MATERIALS PROVIDED >>
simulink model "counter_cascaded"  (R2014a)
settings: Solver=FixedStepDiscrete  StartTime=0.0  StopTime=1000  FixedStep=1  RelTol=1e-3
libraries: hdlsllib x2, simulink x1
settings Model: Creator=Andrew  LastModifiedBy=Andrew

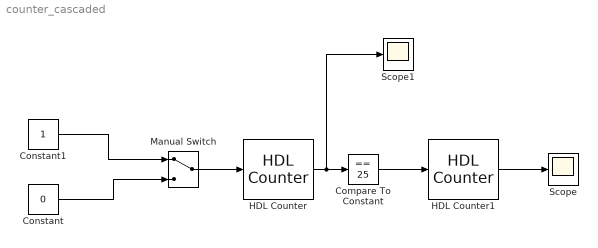
== system counter_cascaded ==
  Compare To Constant : simulink/Logic and Bit Operations/Compare To Constant  relop===  const=25  OutDataTypeStr=boolean
  Constant : Constant  Value=0  OutDataTypeStr=boolean
  Constant1 : Constant  OutDataTypeStr=boolean
  HDL Counter : hdlsllib/HDL Operations/HDL Counter  CountType=Free running  CountInit=0  CountStep=1  CountMax=100  CountFromType=Initial value  CountFrom=0  CountResetPort=off  CountLoadPort=off  CountEnbPort=on  CountDirPort=off  CountDataType=Unsigned  CountWordLen=8  CountFracLen=0  CountSampTime=1
  HDL Counter1 : hdlsllib/HDL Operations/HDL Counter  CountType=Free running  CountInit=0  CountStep=1  CountMax=100  CountFromType=Initial value  CountFrom=0  CountResetPort=off  CountLoadPort=off  CountEnbPort=on  CountDirPort=off  CountDataType=Unsigned  CountWordLen=8  CountFracLen=0  CountSampTime=1
  Manual Switch : ManualSwitch
  Scope : Scope
  Scope1 : Scope
  wires:
  Constant1/1 -> Manual Switch/1
  Constant/1 -> Manual Switch/2
  Manual Switch/1 -> HDL Counter/1
  HDL Counter/1 -> Scope1/1, Compare To Constant/1
  Compare To Constant/1 -> HDL Counter1/1
  HDL Counter1/1 -> Scope/1
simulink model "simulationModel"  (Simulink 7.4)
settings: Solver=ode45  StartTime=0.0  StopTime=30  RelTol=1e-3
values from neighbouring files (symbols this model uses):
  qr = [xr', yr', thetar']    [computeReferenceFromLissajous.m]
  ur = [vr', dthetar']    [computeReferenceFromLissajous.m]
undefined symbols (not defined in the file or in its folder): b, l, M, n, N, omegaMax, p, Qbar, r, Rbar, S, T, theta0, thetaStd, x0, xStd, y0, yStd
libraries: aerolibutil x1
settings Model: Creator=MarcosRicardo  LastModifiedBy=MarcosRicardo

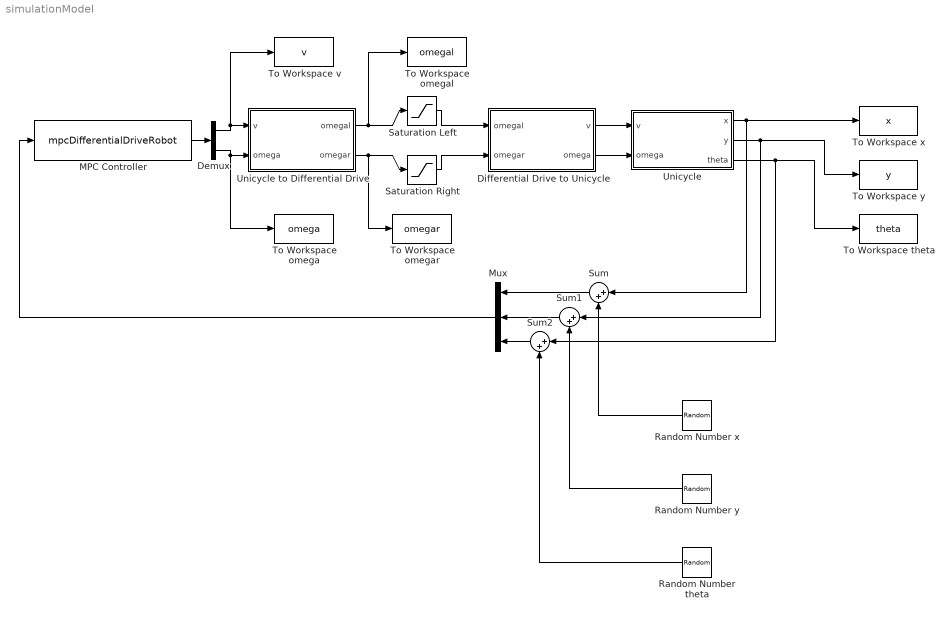
== system simulationModel ==
  Demux : Demux  Outputs=2
  Differential Drive to Unicycle : Subsystem
  MPC Controller : S-Function  FunctionName=mpcDifferentialDriveRobot  Parameters=qr,ur,Qbar,Rbar,S,b,p,n,M,N,T  EnableBusSupport=off
  Mux : Mux  Inputs=3
  Random Number theta : RandomNumber  Variance=thetaStd^2  Seed=3  SampleTime=T
  Random Number x : RandomNumber  Variance=xStd^2  Seed=1  SampleTime=T
  Random Number y : RandomNumber  Variance=yStd^2  Seed=2  SampleTime=T
  Saturation Left : Saturate  UpperLimit=omegaMax  LowerLimit=-omegaMax  OutDataType=fixdt(1, 16)  OutScaling=2^0
  Saturation Right : Saturate  UpperLimit=omegaMax  LowerLimit=-omegaMax  OutDataType=fixdt(1, 16)  OutScaling=2^0
  Sum : Sum  Inputs=|++  OutDataType=fixdt(1, 16)  OutScaling=2^0
  Sum1 : Sum  Inputs=|++  OutDataType=fixdt(1, 16)  OutScaling=2^0
  Sum2 : Sum  Inputs=|++  OutDataType=fixdt(1, 16)  OutScaling=2^0
  To Workspace omega : ToWorkspace  VariableName=omega  SampleTime=-1  SaveFormat=Structure With Time
  To Workspace omegal : ToWorkspace  VariableName=omegal  SampleTime=-1  SaveFormat=Structure With Time
  To Workspace omegar : ToWorkspace  VariableName=omegar  SampleTime=-1  SaveFormat=Structure With Time
  To Workspace theta : ToWorkspace  VariableName=theta  SampleTime=-1  SaveFormat=Structure With Time
  To Workspace v : ToWorkspace  VariableName=v  SampleTime=-1  SaveFormat=Structure With Time
  To Workspace x : ToWorkspace  VariableName=x  SampleTime=-1  SaveFormat=Structure With Time
  To Workspace y : ToWorkspace  VariableName=y  SampleTime=-1  SaveFormat=Structure With Time
  Unicycle : Subsystem
  Unicycle to Differential Drive : Subsystem
  wires:
  Unicycle/1(x) -> To Workspace x/1, Sum/1
  Unicycle/2(y) -> To Workspace y/1, Sum1/1
  Unicycle/3(theta) -> To Workspace theta/1, Sum2/1
  Unicycle to Differential Drive/1(omegal) -> Saturation Left/1, To Workspace omegal/1
  Unicycle to Differential Drive/2(omegar) -> Saturation Right/1, To Workspace omegar/1
  Mux/1 -> MPC Controller/1
  Saturation Left/1 -> Differential Drive to Unicycle/1(omegal)
  Saturation Right/1 -> Differential Drive to Unicycle/2(omegar)
  MPC Controller/1 -> Demux/1
  Demux/1 -> Unicycle to Differential Drive/1(v), To Workspace v/1
  Demux/2 -> Unicycle to Differential Drive/2(omega), To Workspace omega/1
  Differential Drive to Unicycle/1(v) -> Unicycle/1(v)
  Differential Drive to Unicycle/2(omega) -> Unicycle/2(omega)
  Sum/1 -> Mux/1
  Random Number x/1 -> Sum/2
  Sum1/1 -> Mux/2
  Random Number y/1 -> Sum1/2
  Sum2/1 -> Mux/3
  Random Number theta/1 -> Sum2/2

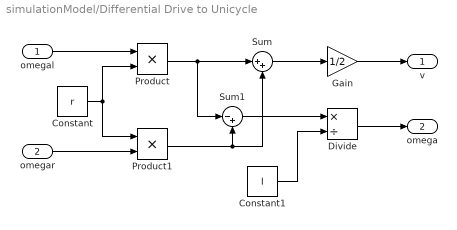
== system simulationModel/Differential Drive to Unicycle ==
  omegal : Inport  OutDataType=fixdt(1, 16)  OutScaling=2^0
  omegar : Inport  Port=2  OutDataType=fixdt(1, 16)  OutScaling=2^0
  Constant : Constant  Value=r  OutDataType=fixdt(1, 16)  OutScaling=2^0
  Constant1 : Constant  Value=l  OutDataType=fixdt(1, 16)  OutScaling=2^0
  Divide : Product  Inputs=*/  OutDataType=fixdt(1, 16)  OutScaling=2^-10
  Gain : Gain  Gain=1/2  ParameterDataType=fixdt(1, 16)  ParameterScaling=2^0  OutDataType=fixdt(1, 16)  OutScaling=2^0
  Product : Product  OutDataType=fixdt(1, 16)  OutScaling=2^0  RndMeth=Zero
  Product1 : Product  OutDataType=fixdt(1, 16)  OutScaling=2^0  RndMeth=Zero
  Sum : Sum  Inputs=|++  OutDataType=fixdt(1, 16)  OutScaling=2^0
  Sum1 : Sum  Inputs=|-+  OutDataType=fixdt(1, 16)  OutScaling=2^0
  v : Outport  OutDataType=fixdt(1, 16)  OutScaling=2^0
  omega : Outport  Port=2  OutDataType=fixdt(1, 16)  OutScaling=2^0
  wires:
  Constant/1 -> Product/2, Product1/1
  omegal/1 -> Product/1
  omegar/1 -> Product1/2
  Product/1 -> Sum/1, Sum1/1
  Product1/1 -> Sum/2, Sum1/2
  Sum/1 -> Gain/1
  Sum1/1 -> Divide/1
  Constant1/1 -> Divide/2
  Divide/1 -> omega/1
  Gain/1 -> v/1

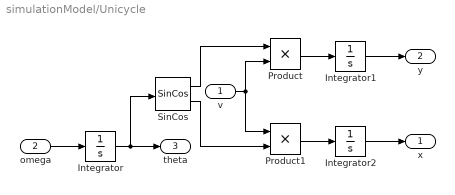
== system simulationModel/Unicycle ==
  v : Inport  OutDataType=fixdt(1, 16)  OutScaling=2^0
  omega : Inport  Port=2  OutDataType=fixdt(1, 16)  OutScaling=2^0
  Integrator : Integrator  InitialCondition=theta0
  Integrator1 : Integrator  InitialCondition=y0
  Integrator2 : Integrator  InitialCondition=x0
  Product : Product  OutDataType=fixdt(1, 16)  OutScaling=2^0  RndMeth=Zero
  Product1 : Product  OutDataType=fixdt(1, 16)  OutScaling=2^0  RndMeth=Zero
  SinCos : aerolibutil/SinCos  SystemSampleTime=-1
  x : Outport  OutDataType=fixdt(1, 16)  OutScaling=2^0
  y : Outport  Port=2  OutDataType=fixdt(1, 16)  OutScaling=2^0
  theta : Outport  Port=3  OutDataType=fixdt(1, 16)  OutScaling=2^0
  wires:
  omega/1 -> Integrator/1
  Integrator/1 -> SinCos/1, theta/1
  v/1 -> Product/2, Product1/1
  SinCos/1 -> Product/1
  SinCos/2 -> Product1/2
  Product/1 -> Integrator1/1
  Integrator1/1 -> y/1
  Product1/1 -> Integrator2/1
  Integrator2/1 -> x/1

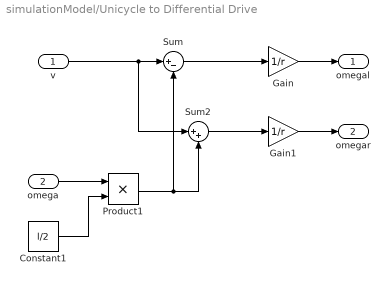
== system simulationModel/Unicycle to Differential Drive ==
  v : Inport  OutDataType=fixdt(1, 16)  OutScaling=2^0
  omega : Inport  Port=2  OutDataType=fixdt(1, 16)  OutScaling=2^0
  Constant1 : Constant  Value=l/2  OutDataType=fixdt(1, 16)  OutScaling=2^0
  Gain : Gain  Gain=1/r  ParameterDataType=fixdt(1, 16)  ParameterScaling=2^0  OutDataType=fixdt(1, 16)  OutScaling=2^0
  Gain1 : Gain  Gain=1/r  ParameterDataType=fixdt(1, 16)  ParameterScaling=2^0  OutDataType=fixdt(1, 16)  OutScaling=2^0
  Product1 : Product  OutDataType=fixdt(1, 16)  OutScaling=2^0  RndMeth=Zero
  Sum : Sum  Inputs=|+-  OutDataType=fixdt(1, 16)  OutScaling=2^0
  Sum2 : Sum  Inputs=|++  OutDataType=fixdt(1, 16)  OutScaling=2^0
  omegal : Outport  OutDataType=fixdt(1, 16)  OutScaling=2^0
  omegar : Outport  Port=2  OutDataType=fixdt(1, 16)  OutScaling=2^0
  wires:
  v/1 -> Sum/1, Sum2/1
  omega/1 -> Product1/1
  Constant1/1 -> Product1/2
  Product1/1 -> Sum/2, Sum2/2
  Sum/1 -> Gain/1
  Sum2/1 -> Gain1/1
  Gain1/1 -> omegar/1
  Gain/1 -> omegal/1

TRY IT >> Please leave out the pictures as you reproduce the lines exactly, from the first line of the entries through the line containing "HDL Counter : hdlsllib/HDL".

REPLY TO THE TASK >>
simulink model "counter_cascaded"  (R2014a)
settings: Solver=FixedStepDiscrete  StartTime=0.0  StopTime=1000  FixedStep=1  RelTol=1e-3
libraries: hdlsllib x2, simulink x1
settings Model: Creator=Andrew  LastModifiedBy=Andrew

== system counter_cascaded ==
  Compare To Constant : simulink/Logic and Bit Operations/Compare To Constant  relop===  const=25  OutDataTypeStr=boolean
  Constant : Constant  Value=0  OutDataTypeStr=boolean
  Constant1 : Constant  OutDataTypeStr=boolean
  HDL Counter : hdlsllib/HDL Operations/HDL Counter  CountType=Free running  CountInit=0  CountStep=1  CountMax=100  CountFromType=Initial value  CountFrom=0  CountResetPort=off  CountLoadPort=off  CountEnbPort=on  CountDirPort=off  CountDataType=Unsigned  CountWordLen=8  CountFracLen=0  CountSampTime=1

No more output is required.